No announcement yet.

NSRL hash import

  • Filter
  • Time
  • Show
Clear All
new posts

  • NSRL hash import

    My NSRL RDS modern minimum hash set install has been running for days and is creeping along now with 8.6 million read and incrementing at about 7-8 hashs per screen update. I don't want to cancel for fear of losing all this time. Is this normal performance. I have a fairly powerful HP Z820 with 64 gb and 10 cores. If abnormal any tweaks I can do to boost througput going forward?

  • #2
    Using a RAM drive (if you have memory to spare) or a fast SSD is recommended. Some additional information can be found in the section import duration on the tutorial page for importing hashsets.


    • #3
      The CSV to database conversion process is mostly disk bound (and some dependency on single threaded core performance). Especially as the size of the database grows near the end of the import process. So lots of cores don't help for a disk bound process. That HP machine seems to use E5-2660 v2, which is 4 years old. I am also guessing you using old style spinning for the location of the source & destination files.

      We'll see if we can add a bit more detail around the process of using RAM drives for the conversion, as it might be 10x faster than using an old style HDD.


      • #4
        Thank you both for your replies. Will try out and post result. Best regards.


        • #5
          Here are some detailed steps on how to speed up an NSRL import using a temporary RAM drive:


          1. In OSForensics click on the "Mount Drive Image" button. The OSFMount window should open. Click "Mount new...".
          2. Under Source, select "Empty RAM drive".
          3. Under drive size, allocate enough memory for the input files, the output files, and the OSForensics USB installation (500MB). The input and output file size will vary depending on the NSRL hash set version. As an example, the Dec 2016 NSRL was made up of around 15GB of (uncompressed csv text) as the input data. Once the data was imported with OSF, the resulting database was around 20GB. The minimal NSRL set is smaller however. So the total size of the RAM drive needs to be at least 36GB. Future sets might be larger so a 40GB or 50GB drive would be safer. If RAM is limited just placing the database on the RAM drive is also an option (leaving the input file on a SSD).
          4. Uncheck "Read-only drive".
          5. Check "Mount as removable media". This is important as it simulates a USB drive.
          6. Leave remaining default values and click "OK". The RAM drive should then be created.
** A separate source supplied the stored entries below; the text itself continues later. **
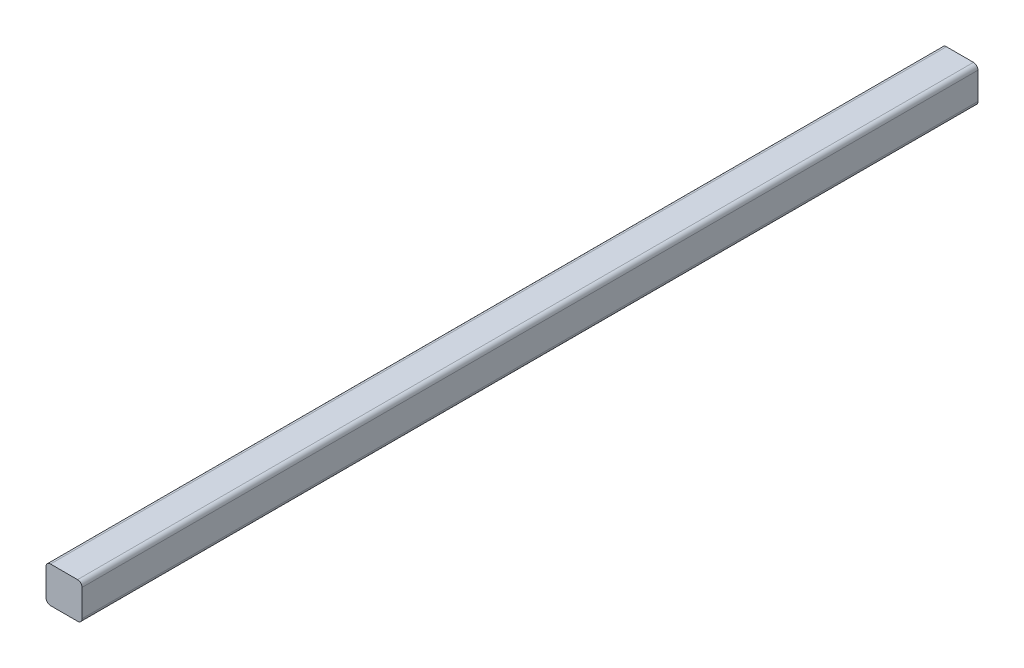
SolidWorks part; units mm, degrees
material "Pine"
ref_plane "Front Plane" through (0, 0, 0) normal (0, 0, 1) x (1, 0, 0)
ref_plane "Top Plane" through (0, 0, 0) normal (0, 1, 0) x (1, 0, 0)
ref_plane "Right Plane" through (0, 0, 0) normal (1, 0, 0) x (0, 0, -1)
sketch "Sketch1" plane through (0, 0, 0) normal (0, 0, 1) x (1, 0, 0)
  line L0 (-585.9322, 477.1947) -> (-550.9138, 477.1947) construction
  line L1 (-585.9322, 515.2947) -> (-547.8322, 515.2947)
  line L2 (-585.9322, 515.2947) -> (-585.9322, 477.1947)
  line L3 (-585.9322, 477.1947) -> (-547.8322, 477.1947)
  line L4 (-547.8322, 515.2947) -> (-547.8322, 477.1947)
  line L5 (-547.8322, 465.6941) -> (-547.8322, 515.2947) construction
extrude "Boss-Extrude1" add sketch "Sketch1" against normal up to surface (946.6588 mm away)
fillet "Fillet1" radius 4.7625 4 edges at (-585.9322, 515.2947, -473.3294) (-585.9322, 477.1947, -473.3294) (-547.8322, 477.1947, -473.3294) (-547.8322, 515.2947, -473.3294)
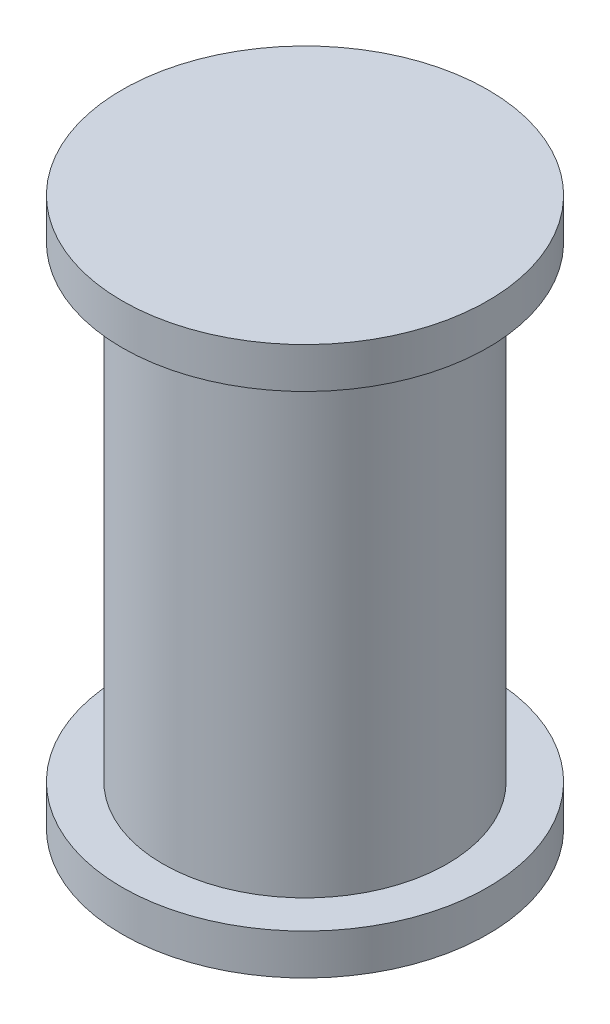
SolidWorks part; units mm, degrees
ref_plane "Front Plane" through (0, 0, 0) normal (0, 0, 1) x (1, 0, 0)
ref_plane "Top Plane" through (0, 0, 0) normal (0, 1, 0) x (1, 0, 0)
ref_plane "Right Plane" through (0, 0, 0) normal (1, 0, 0) x (0, 0, -1)
sketch "Sketch1" plane through (0, 0, 0) normal (1, 0, 0) x (0, 0, -1)
  line L0 (0, 0.4) -> (-1.8, 0.4)
  line L1 (0, 2.09) -> (0, -2.09) construction
  line L2 (-1.8, 0.4) -> (-1.8, 0)
  line L3 (-1.8, 0) -> (-1.4, 0)
  line L6 (0, 0.4) -> (0, -5)
  line L7 (2.09, 0) -> (-2.09, 0) construction
  line L8 (0, -5) -> (-1.8, -5)
  line L9 (-1.8, -5) -> (-1.8, -4.6)
  line L10 (-1.8, -4.6) -> (-1.4, -4.6)
  line L11 (-1.4, 0) -> (-1.4, -4.6)
  dimension "D1" = 1.4
  dimension "D2" = 1.8
  dimension "D3" = 0.4
  dimension "D4" = 5
  dimension "D5" = 0.4
revolve "Revolve1" add sketch "Sketch1" angle 360 about L6
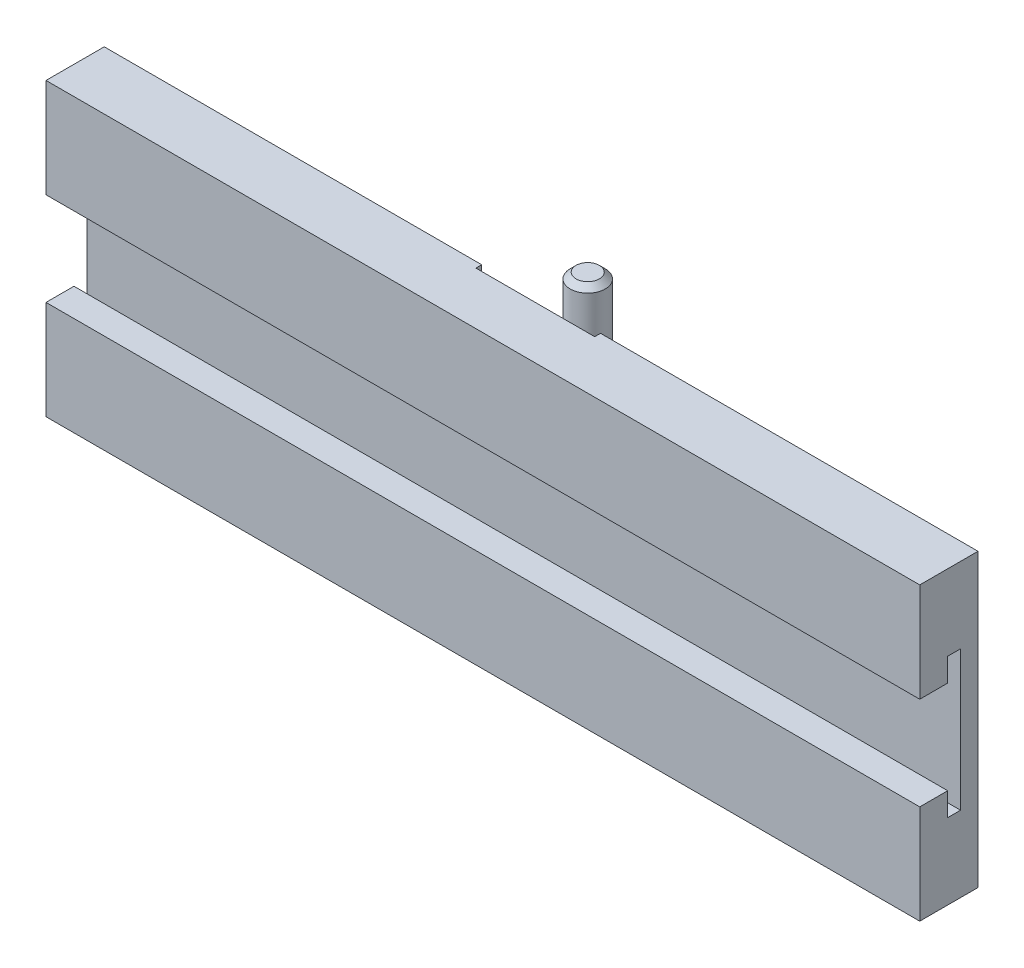
SolidWorks part; units mm, degrees
ref_plane "前视基准面" through (0, 0, 0) normal (0, 0, 1) x (1, 0, 0)
ref_plane "上视基准面" through (0, 0, 0) normal (0, 1, 0) x (1, 0, 0)
ref_plane "右视基准面" through (0, 0, 0) normal (1, 0, 0) x (0, 0, -1)
sketch "草图1" plane through (0, 0, 0) normal (0, 0, 1) x (1, 0, 0)
  line L1 (-24.7306, 0) -> (125.2694, 0)
  line L2 (-24.7306, 0) -> (-24.7306, 50)
  line L3 (-24.7306, 50) -> (125.2694, 50)
  line L4 (125.2694, 0) -> (125.2694, 50)
extrude "凸台-拉伸1" add sketch "草图1" along normal blind 10 contours L2 L3 L4 L1
sketch "草图2" plane through (125.2694, 0, 0) normal (1, 0, 0) x (0, 0, -1)
  line L0 (-10, 25) -> (17.6481, 25) construction
  line L1 (-10, 0) -> (-10, 50) construction
  line L2 (0, 25) -> (-3, 25) construction
  line L3 (0, 0) -> (0, 50) construction
  line L4 (-3, 13) -> (-3, 37)
  line L5 (-3, 37) -> (-5.2, 37)
  line L6 (-5.2, 37) -> (-5.2, 33)
  line L7 (-5.2, 33) -> (-10, 33)
  line L8 (-10, 33) -> (-10, 17)
  line L9 (-5.2, 17) -> (-10, 17)
  line L10 (-5.2, 13) -> (-5.2, 17)
  line L11 (-3, 13) -> (-5.2, 13)
extrude "切除-拉伸1" cut sketch "草图2" against normal blind 150
sketch "草图3" plane through (0, 50, 0) normal (0, 1, 0) x (1, 0, 0)
  line L0 (-24.7306, 0) -> (125.2694, 0) construction
  line L1 (-24.7306, 0) -> (125.2694, 0) construction
  line L2 (50.2694, 0) -> (50.2694, -1) construction
  line L3 (60.4694, 0) -> (40.0694, 0)
  line L4 (40.0694, 0) -> (40.0694, -1)
  line L5 (40.0694, -1) -> (60.4694, -1)
  line L6 (60.4694, 0) -> (60.4694, -1)
extrude "切除-拉伸2" cut sketch "草图3" against normal blind 150
sketch "草图4" plane through (0, 0, 1) normal (0, 0, -1) x (-1, 0, 0)
  line L0 (-60.4694, 0) -> (-60.4694, 50) construction
  line L1 (-40.0694, 0) -> (-60.4694, 0)
  line L2 (-40.0694, 0) -> (-40.0694, 5)
  line L3 (-40.0694, 5) -> (-60.4694, 5)
  line L4 (-60.4694, 0) -> (-60.4694, 5)
extrude "凸台-拉伸2" add sketch "草图4" along normal blind 12
sketch "草图5" plane through (0, 5, 0) normal (0, 1, 0) x (1, 0, 0)
  line L0 (50.2694, 11) -> (50.2694, 8) construction
  line L1 (40.0694, 11) -> (60.4694, 11) construction
  circle A0 centre (50.2694, 8) radius 3.01
extrude "凸台-拉伸3" add sketch "草图5" along normal blind 45
chamfer "倒角2" distance 1 angle 45 1 edges at (47.2594, 50, -8)
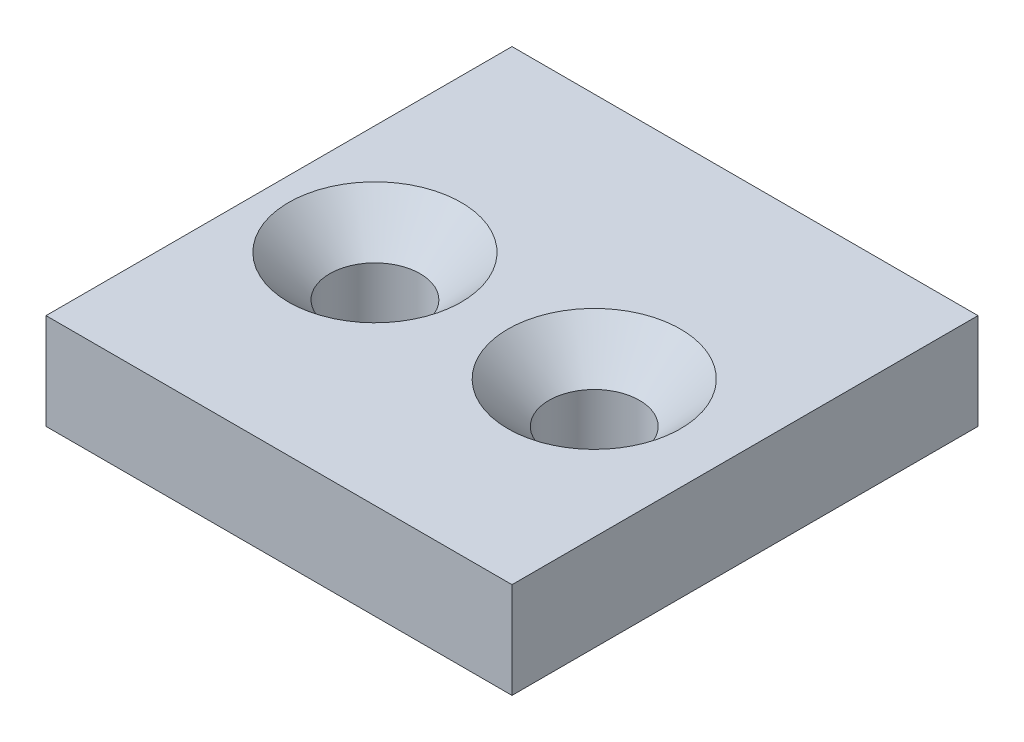
SolidWorks part; units mm, degrees
ref_plane "Front Plane" through (0, 0, 0) normal (0, 0, 1) x (1, 0, 0)
ref_plane "Top Plane" through (0, 0, 0) normal (0, 1, 0) x (1, 0, 0)
ref_plane "Right Plane" through (0, 0, 0) normal (1, 0, 0) x (0, 0, -1)
sketch "Sketch3" plane through (0, 0, 0) normal (0, 1, 0) x (1, 0, 0)
  line L1 (0, 0) -> (34, 0)
  line L2 (0, 0) -> (0, 34)
  line L3 (0, 34) -> (34, 34)
  line L4 (34, 0) -> (34, 34)
  dimension "D1" = 34
  dimension "D2" = 34
extrude "Boss-Extrude2" add sketch "Sketch3" along normal blind 7
hole_wizard "CSK for M6 Flat Head Machine Screw1" positions "Sketch8" profile "Sketch9" countersink size "M6" standard "ANSI Metric" end condition through all
sketch "Sketch8" plane through (0, 7, 0) normal (0, 1, 0) x (1, 0, 0)
  line L0 (0, 34) -> (0, 0) construction
  line L1 (0, 0) -> (34, 0) construction
  point P0 (8, 16)
  point P2 (24, 16)
  dimension "D1" = 16
  dimension "D2" = 8
  dimension "D3" = 16
sketch "Sketch9" plane through (8, 7, -16) normal (1, 0, 0) x (0, 0, 1)
  line L0 (0, 0) -> (0, 7)
  line L1 (0, 7) -> (3.3, 7)
  line L2 (3.3, 7) -> (3.3, 3)
  line L3 (3.3, 3) -> (6.3, 0)
  line L5 (6.3, 0) -> (0, 0)
  line L6 (-3.3, 3) -> (-6.3, 0) construction
  line L11 (0, -6.35) -> (0, 107.95) construction
  dimension "Thru Hole Dia." = 6.6
  dimension "Thru Hole Depth" = 7
  dimension "Near C'Sink Dia." = 12.6
  dimension "Near C'Sink Angle" = 90
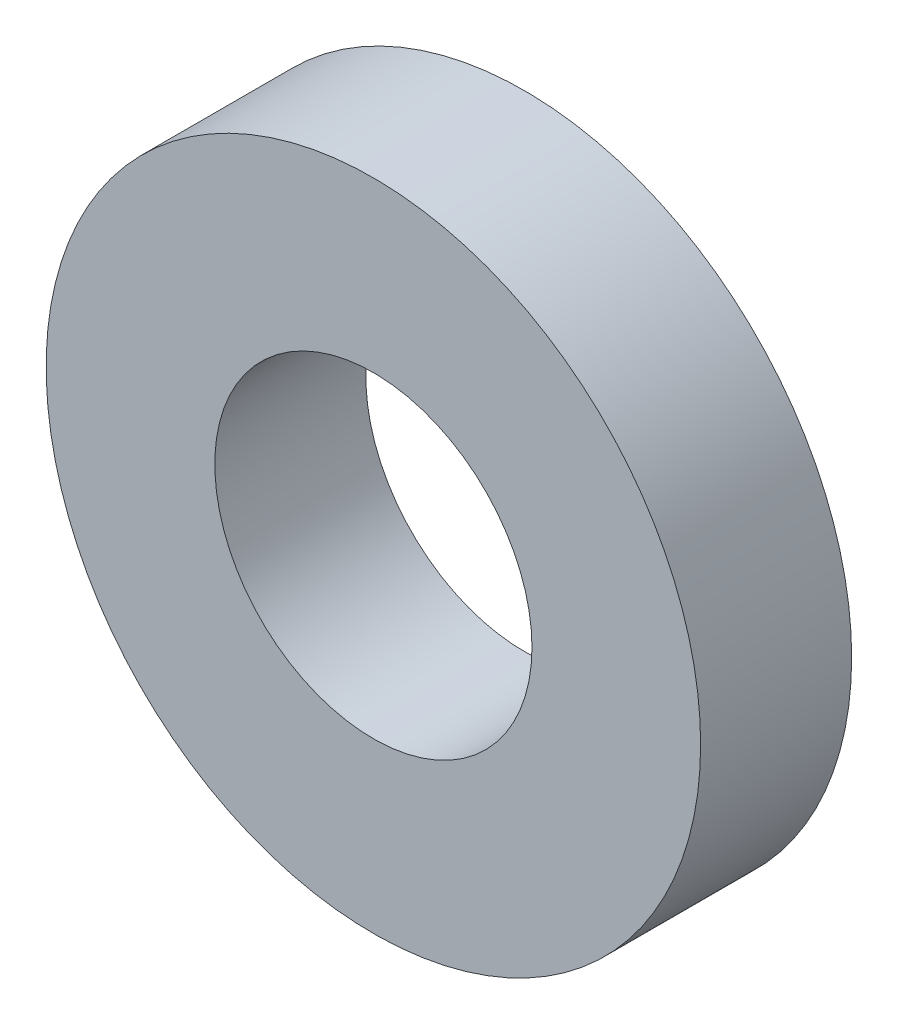
SolidWorks part; units mm, degrees
ref_plane "Front Plane" through (0, 0, 0) normal (0, 0, 1) x (1, 0, 0)
ref_plane "Top Plane" through (0, 0, 0) normal (0, 1, 0) x (1, 0, 0)
ref_plane "Right Plane" through (0, 0, 0) normal (1, 0, 0) x (0, 0, -1)
sketch "Sketch1" plane through (0, 0, 0) normal (0, 0, 1) x (1, 0, 0)
  circle A0 centre (0, 0) radius 6.5
  circle A1 centre (0, 0) radius 3.15
  dimension "OD" = 13
  dimension "ID" = 6.3
extrude "Extrude1" add sketch "Sketch1" along normal mid plane 3
sketch "Sketch2" plane through (0, 0, 0) normal (1, 0, 0) x (0, 0, -1)
  line L0 (-1.5, -3.15) -> (1.5, -3.15) construction
  line L3 (1.5, 3.15) -> (-1.5, 3.15) construction
  line L5 (-1.5, -3.15) -> (1.5, -3.15)
  line L6 (1.5, 3.15) -> (-1.5, 3.15)
sketch "Sketch4" plane through (0, 0, 1.5) normal (0, 0, 1) x (1, 0, 0)
  line L0 (0, 0) -> (-2.2274, 2.2274)
  line L1 (0, -1.1) -> (0, 1.1) construction
  circle A0 centre (0, 0) radius 3.15 construction
  dimension "D1" = 45

In older versions of OSFMount you need to manually format the drive from Windows.
          7. Copy the uncompressed NSRL data to the RAM drive you just created. If the input data is separated into disks, you can do this one disk at a time.
          8. In OSForensics click on the "Install to USB" menu option.
          9. Select the RAM drive you just created, enter your license key and click Install. Then close OSF.
          10. Launch OSForensics.exe from the OSForensics folder on the RAM drive.
          11. Open the Hash Sets module and click "New DB...".
          12. Enter a name for the database and click OK. Note that there is a bug with the current version where the import buttons don't enable until the software is reopened.
          13. Ensure the database you created is the active database using the right-click menu or the "Make Active" button. The icon will turn yellow.
          14. Click "NSRL Import...", browse to the NSRL data on the RAM drive, click "OK" and allow the import to complete. If importing one disk at a time then repeat the import process on the same database. It is wise to also backup the database in between disks in case an error occurs.
          15. Once the database has been fully created, you can copy it over from the temporary RAM drive (e.g. "F:\OSForensics\AppData\hashSets\NSRLDiskA.OSF Hash Set") to the default location (e.g. "C:\ProgramData\PassMark\OSForensics\hashSets" ).

          IMPORTANT: The contents of the RAM drive will be lost if the machine is powered down or crashes. So you need a really stable machine to do this. At the end of the import process you MUST copy the database back to the hard drive. Even using a RAM drive the import process is slow due to the vast amount of data and can take many hours.

          In V6 we'll look at making the process of using a RAM drive easier.


          • #6
            We just imported the NSRL Dec 2017 Revision 2.59 (Full Modern RDS with ~121 Million records). It still took a few days, even with a large RAM drive.

            Size if the CSV input files were ~14.4GB.
            Size of the indexed database file was ~20.7GB
            So the size of the RAM drive needs to be at least 36GB. We would suggest slightly higher, 40GB, just be safe.

            The reduced sets (Minimal or Unique) should be significantly quicker to convert.
            Once imported database lookups were really quick despite the large number of records.

            We are looking at improving the import speed for V6 however. Would be better if it didn't take days with the full set.


            • #7
              Update: For OSForensics V6 we have made two significant changes to the NSRL import process.
              1) We have made the process of using a RAM drive much easier. So you can specify a temp folder (on a RAM drive) for the import process.
              2) We have made some assumptions about the alphabetic sorting of hashes in the NSRL source files. If we assume the data in pre-sorted (as it seems to be in the latest releases) we can save a bunch of processing during the import.

              With these changes we were able to speed up the import process 8 times. So it is now measured in hours instead of days.